Rohin Shah comments on Understanding “Deep Double Descent”

Rohin Shah 18 Dec 2019 6:57 UTC
LW: 4 AF: 3
AF
I ended up reading another paper on double descent:
More Data Can Hurt for Linear Regression: Sample-wise Double Descent (Preetum Nakkiran) (summarized by Rohin): This paper demonstrates the presence of double descent (in the size of the dataset) for unregularized linear regression. In particular, we assume that each data point x is a vector in independent samples from N(0, σ^2), and the output is y = βx + ε. Given a dataset of (x, y) pairs, we would like to estimate the unknown β, under the mean squared error loss, with no regularization.
In this setting, when the dimensionality d of the space (and thus number of parameters in β) is equal to the number of training points n, the training data points are linearly independent almost always / with probability 1, and so there will be exactly one β that solves the n linearly independent equalities of the form βx = y. However, such a β must also be fitting the noise variables ε, which means that it could be drastically overfitted, with very high norm. For example, imagine β = [1, 1], and the data points are (-1, 3): 3 and (0, 1): 0 (the data points had errors of +1 and −1 respectively). The estimate will be β = [-3, 0], which is going to generalize very poorly.
As we decrease the number of training points n, so that d > n, there are infinitely many settings of the d parameters of β that satisfy the n linearly independent equalities, and gradient descent naturally chooses the one with minimum norm (even without regularization). This limits how bad the test error can be. Similarly, as we increase the number of training points, so that d < n, there are too many constraints for β to satisfy, and so it ends up primarily modeling the signal rather than the noise, and so generalizing well.
Rohin’s opinion: Basically what’s happening here is that at the interpolation threshold, the model is forced to memorize noise, and it has only one way of doing so, which need not generalize well. However, past the interpolation threshold, when the model is overparameterized, there are many models that successfully memorize noise, and gradient descent “correctly” chooses one with minimum norm. This fits into the broader story being told in other papers that what’s happening is that the data has noise and/or misspecification, and at the interpolation threshold it fits the noise in a way that doesn’t generalize, and after the interpolation threshold it fits the noise in a way that does generalize. Here that’s happening because gradient descent chooses the minimum norm estimator that fits the noise; perhaps something similar is happening with neural nets.

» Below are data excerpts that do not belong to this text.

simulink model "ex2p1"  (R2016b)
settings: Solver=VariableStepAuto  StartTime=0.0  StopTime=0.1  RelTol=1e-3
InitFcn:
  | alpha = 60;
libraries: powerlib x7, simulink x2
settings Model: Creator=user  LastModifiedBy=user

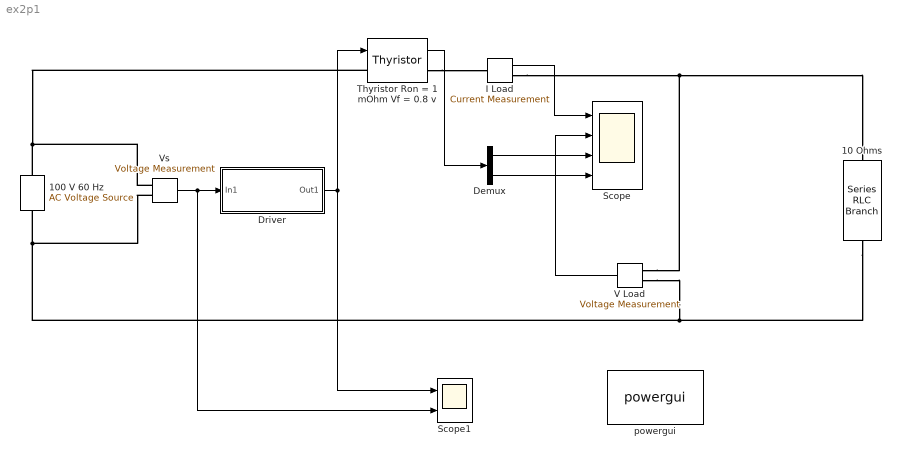
== system ex2p1 ==
  "10 Ohms " : powerlib/Elements/Series RLC Branch  LConnTagsString=__new0  RConnTagsString=__new0  BranchType=R  Resistance=10  Inductance=10e-3  SetiL0=off  InitialCurrent=0  Capacitance=1e-6  Setx0=off  InitialVoltage=0  Measurements=None
  100 V 60 Hz : powerlib/Electrical Sources/AC Voltage Source  Amplitude=100  Phase=0  Frequency=60  SampleTime=0  Measurements=None  BusType=swing  Pref=10e3  Qref=0  Qmin=-inf  Qmax=+inf
  Demux : Demux  Outputs=2
  Driver : Subsystem
  I Load : powerlib/Measurements/Current Measurement  PhasorSimulation=off  OutputType=Complex  PSBequivalent=0
  Scope : Scope  NumInputPorts=4
  Scope1 : Scope  NumInputPorts=2
  Thyristor Ron = 1 mOhm Vf = 0.8 v : powerlib/Power Electronics/Thyristor  Ron=0.001  Lon=0  Vf=0.8  IC=0  Rs=500  Cs=250e-9  Measurements=on
  V Load : powerlib/Measurements/Voltage Measurement  PhasorSimulation=off  OutputType=Complex  PSBequivalent=0
  Vs : powerlib/Measurements/Voltage Measurement  PhasorSimulation=off  OutputType=Complex  PSBequivalent=0
  powergui : powerlib/powergui  Priority=1  SimulationMode=Continuous  SolverType=Tustin/Backward Euler (TBE)  SampleTime=50e-6  frequency=60  SPID=off  DisableSnubberDevices=off  DisableRonSwitches=off  DisableVfSwitches=off  SwTol=0  DisplayEquations=off  Interpol=off  ExternalGateDelay=off  methode=off  Ts=10  FunctionMessages=off  echomessages=off  HookPort=off  EnableUseOfTLC=off  x0status=blocks  frequencyindice=60  Pbase=100e6  ErrMax=1e-4  Iterations=50  UnitsV=kV  UnitsW=MW  buscounter=0  RestoreLinks=warning  ResistiveCurrentMeasurement=off  Frange=[0:2:500]  Ylog=off  Xlog=on  ShowGrid=off  save=off  variable=ZData  structure=0  ZoomFFT=off  StartTime=0.0  cycles=1  DisplayStyle=1  fundamental=60  FreqAxis=off  MaxFrequency=1000  frequencyindicesteady=1  RmsSteady=1  display=off
  wires:
  Vs/1 -> Scope1/2, Driver/1(In1)
  Driver/1(Out1) -> Thyristor Ron = 1 mOhm Vf = 0.8 v/1, Scope1/1
  I Load/1 -> Scope/1
  Thyristor Ron = 1 mOhm Vf = 0.8 v/1 -> Demux/1
  Demux/1 -> Scope/3
  Demux/2 -> Scope/4
  V Load/1 -> Scope/2
  connections:
  100 V 60 Hz/RConn1 -- Thyristor Ron = 1 mOhm Vf = 0.8 v/LConn1 -- Vs/LConn1
  "10 Ohms "/RConn1 -- V Load/LConn2 -- Vs/LConn2 -- 100 V 60 Hz/LConn1
  Thyristor Ron = 1 mOhm Vf = 0.8 v/RConn1 -- I Load/LConn1
  I Load/RConn1 -- V Load/LConn1 -- "10 Ohms "/LConn1

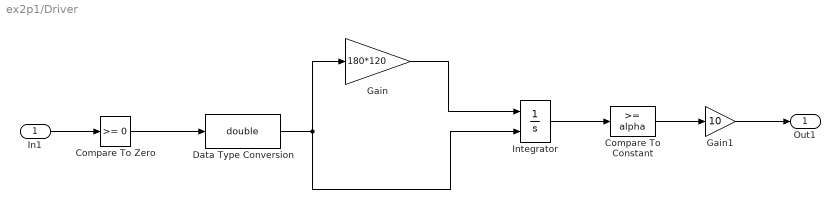
== system ex2p1/Driver ==
  In1 : Inport
  Compare To Constant : simulink/Logic and Bit Operations/Compare To Constant  relop=>=  const=alpha  OutDataTypeStr=boolean
  Compare To Zero : simulink/Logic and Bit Operations/Compare To Zero  relop=>=  OutDataTypeStr=boolean
  Data Type Conversion : DataTypeConversion  OutDataTypeStr=double
  Gain : Gain  Gain=180*120
  Gain1 : Gain  Gain=10
  Integrator : Integrator  ExternalReset=falling
  Out1 : Outport
  wires:
  In1/1 -> Compare To Zero/1
  Compare To Zero/1 -> Data Type Conversion/1
  Gain/1 -> Integrator/1
  Data Type Conversion/1 -> Gain/1, Integrator/2
  Integrator/1 -> Compare To Constant/1
  Compare To Constant/1 -> Gain1/1
  Gain1/1 -> Out1/1
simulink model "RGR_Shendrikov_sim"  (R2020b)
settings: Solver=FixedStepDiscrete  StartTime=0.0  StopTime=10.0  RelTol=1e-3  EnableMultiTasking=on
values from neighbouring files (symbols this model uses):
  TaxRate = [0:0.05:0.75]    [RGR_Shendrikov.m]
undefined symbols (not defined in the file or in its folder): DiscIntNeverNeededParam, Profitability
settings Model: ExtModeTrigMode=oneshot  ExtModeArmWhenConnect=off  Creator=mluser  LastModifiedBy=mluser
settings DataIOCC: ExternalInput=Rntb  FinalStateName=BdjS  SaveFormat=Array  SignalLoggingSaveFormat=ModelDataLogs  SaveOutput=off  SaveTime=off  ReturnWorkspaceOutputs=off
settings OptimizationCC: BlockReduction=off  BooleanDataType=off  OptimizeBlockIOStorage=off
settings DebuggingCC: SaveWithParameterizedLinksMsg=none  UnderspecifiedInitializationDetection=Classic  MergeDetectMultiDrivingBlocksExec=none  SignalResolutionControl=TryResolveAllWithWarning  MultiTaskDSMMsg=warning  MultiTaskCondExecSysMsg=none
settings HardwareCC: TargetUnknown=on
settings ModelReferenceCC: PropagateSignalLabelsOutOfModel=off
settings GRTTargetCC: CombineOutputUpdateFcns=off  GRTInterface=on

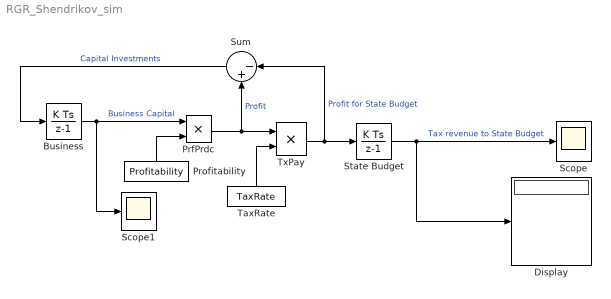
== system RGR_Shendrikov_sim ==
  Business : DiscreteIntegrator  InitialCondition=100  ICPrevOutput=DiscIntNeverNeededParam  ICPrevScaledInput=DiscIntNeverNeededParam
  Display : Display
  PrfPrdc : Product  SaturateOnIntegerOverflow=on
  Profitability : Constant  Value=Profitability
  Scope : Scope
  Scope1 : Scope
  State Budget : DiscreteIntegrator  ICPrevOutput=DiscIntNeverNeededParam  ICPrevScaledInput=DiscIntNeverNeededParam
  Sum : Sum  Inputs=|-+  SaturateOnIntegerOverflow=on
  TaxRate : Constant  Value=TaxRate
  TxPay : Product  SaturateOnIntegerOverflow=on
  wires:
  PrfPrdc/1 -> TxPay/1, Sum/2  "Profit"
  Sum/1 -> Business/1  "Capital Investments"
  TaxRate/1 -> TxPay/2
  TxPay/1 -> Sum/1, State Budget/1  "Profit for State Budget"
  Business/1 -> Scope1/1, PrfPrdc/1  "Business Capital"
  Profitability/1 -> PrfPrdc/2
  State Budget/1 -> Display/1, Scope/1  "Tax revenue to State Budget"
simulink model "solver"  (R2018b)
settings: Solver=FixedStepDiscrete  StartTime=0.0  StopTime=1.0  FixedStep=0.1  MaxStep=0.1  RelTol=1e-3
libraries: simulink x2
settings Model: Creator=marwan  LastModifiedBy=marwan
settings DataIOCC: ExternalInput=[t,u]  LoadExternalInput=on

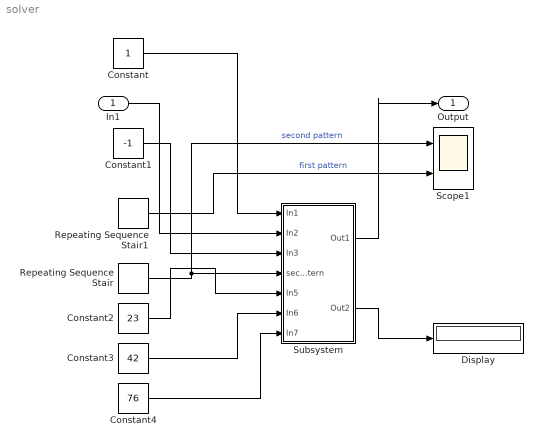
== system solver ==
  In1 : Inport
  Constant : Constant
  Constant1 : Constant  Value=-1
  Constant2 : Constant  Value=23
  Constant3 : Constant  Value=42
  Constant4 : Constant  Value=76
  Display : Display
  Repeating Sequence Stair : simulink/Sources/Repeating Sequence Stair  OutValues=[1 3 2 3 1 2]  tsamp=-1  OutMin=[]  OutMax=[]  OutDataTypeStr=double  OutputDataTypeScalingMode=double  OutDataType=fixdt(0,8)  ConRadixGroup=Best Precision: Vector-wise  OutScaling=2^-12
  Repeating Sequence Stair1 : simulink/Sources/Repeating Sequence Stair  OutValues=[12 3 12 3 14 2]  tsamp=-1  OutMin=[]  OutMax=[]  OutDataTypeStr=double  OutputDataTypeScalingMode=double  OutDataType=fixdt(0,8)  ConRadixGroup=Best Precision: Vector-wise  OutScaling=2^-12
  Scope1 : Scope  NumInputPorts=2
  Subsystem : Subsystem  TreatAsAtomicUnit=on
  Output : Outport
  wires:
  Repeating Sequence Stair/1 -> Scope1/1, Subsystem/4(second pattern)  "second pattern"
  Repeating Sequence Stair1/1 -> Scope1/2  "first pattern"
  Constant/1 -> Subsystem/1(In1)
  In1/1 -> Subsystem/2(In2)
  Constant1/1 -> Subsystem/3(In3)
  Constant2/1 -> Subsystem/5(In5)
  Constant3/1 -> Subsystem/6(In6)
  Constant4/1 -> Subsystem/7(In7)
  Subsystem/1(Out1) -> Output/1
  Subsystem/2(Out2) -> Display/1

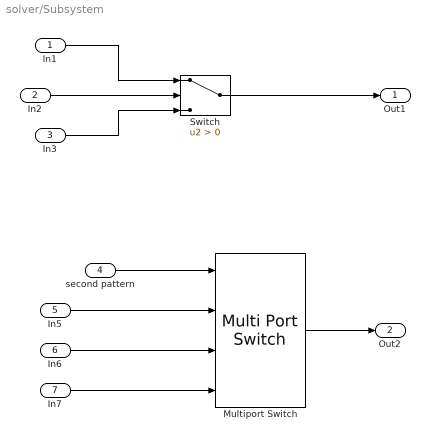
== system solver/Subsystem ==
  In1 : Inport
  In2 : Inport  Port=2
  In3 : Inport  Port=3
  second pattern : Inport  Port=4
  In5 : Inport  Port=5
  In6 : Inport  Port=6
  In7 : Inport  Port=7
  Multiport Switch : MultiPortSwitch
  Switch : Switch  Criteria=u2 > Threshold
  Out1 : Outport
  Out2 : Outport  Port=2
  wires:
  In2/1 -> Switch/2
  Switch/1 -> Out1/1
  In3/1 -> Switch/3
  second pattern/1 -> Multiport Switch/1
  In1/1 -> Switch/1
  Multiport Switch/1 -> Out2/1
  In7/1 -> Multiport Switch/4
  In6/1 -> Multiport Switch/3
  In5/1 -> Multiport Switch/2
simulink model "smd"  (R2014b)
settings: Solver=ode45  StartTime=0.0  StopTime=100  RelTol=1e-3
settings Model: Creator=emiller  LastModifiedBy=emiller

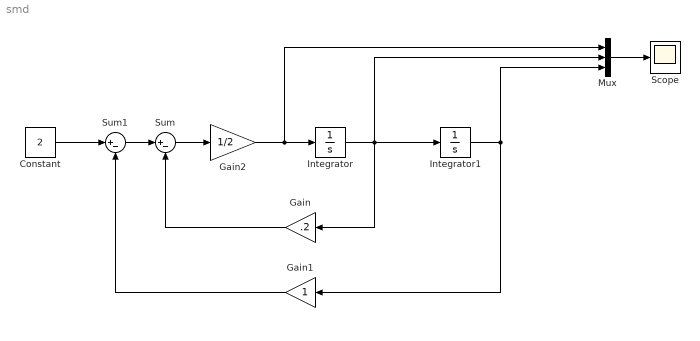
== system smd ==
  Constant : Constant  Value=2
  Gain : Gain  Gain=.2
  Gain1 : Gain
  Gain2 : Gain  Gain=1/2
  Integrator : Integrator
  Integrator1 : Integrator  InitialCondition=5
  Mux : Mux  Inputs=3
  Scope : Scope
  Sum : Sum  Inputs=|+-
  Sum1 : Sum  Inputs=|+-
  wires:
  Integrator/1 -> Mux/2, Gain/1, Integrator1/1
  Integrator1/1 -> Gain1/1, Mux/3
  Mux/1 -> Scope/1
  Gain2/1 -> Mux/1, Integrator/1
  Sum/1 -> Gain2/1
  Gain/1 -> Sum/2
  Gain1/1 -> Sum1/2
  Sum1/1 -> Sum/1
  Constant/1 -> Sum1/1

This explanation seems like it could explain double descent on model size and double descent on dataset size, but I don’t see how it would explain double descent on training time. This would imply that gradient descent on neural nets first has to memorize noise in one particular way, and then further training “fixes” the weights to memorize noise in a different way that generalizes better. While I can’t rule it out, this seems rather implausible to me. (Note that regularization is not such an explanation, because regularization applies throughout training, and doesn’t “come into effect” after the interpolation threshold.)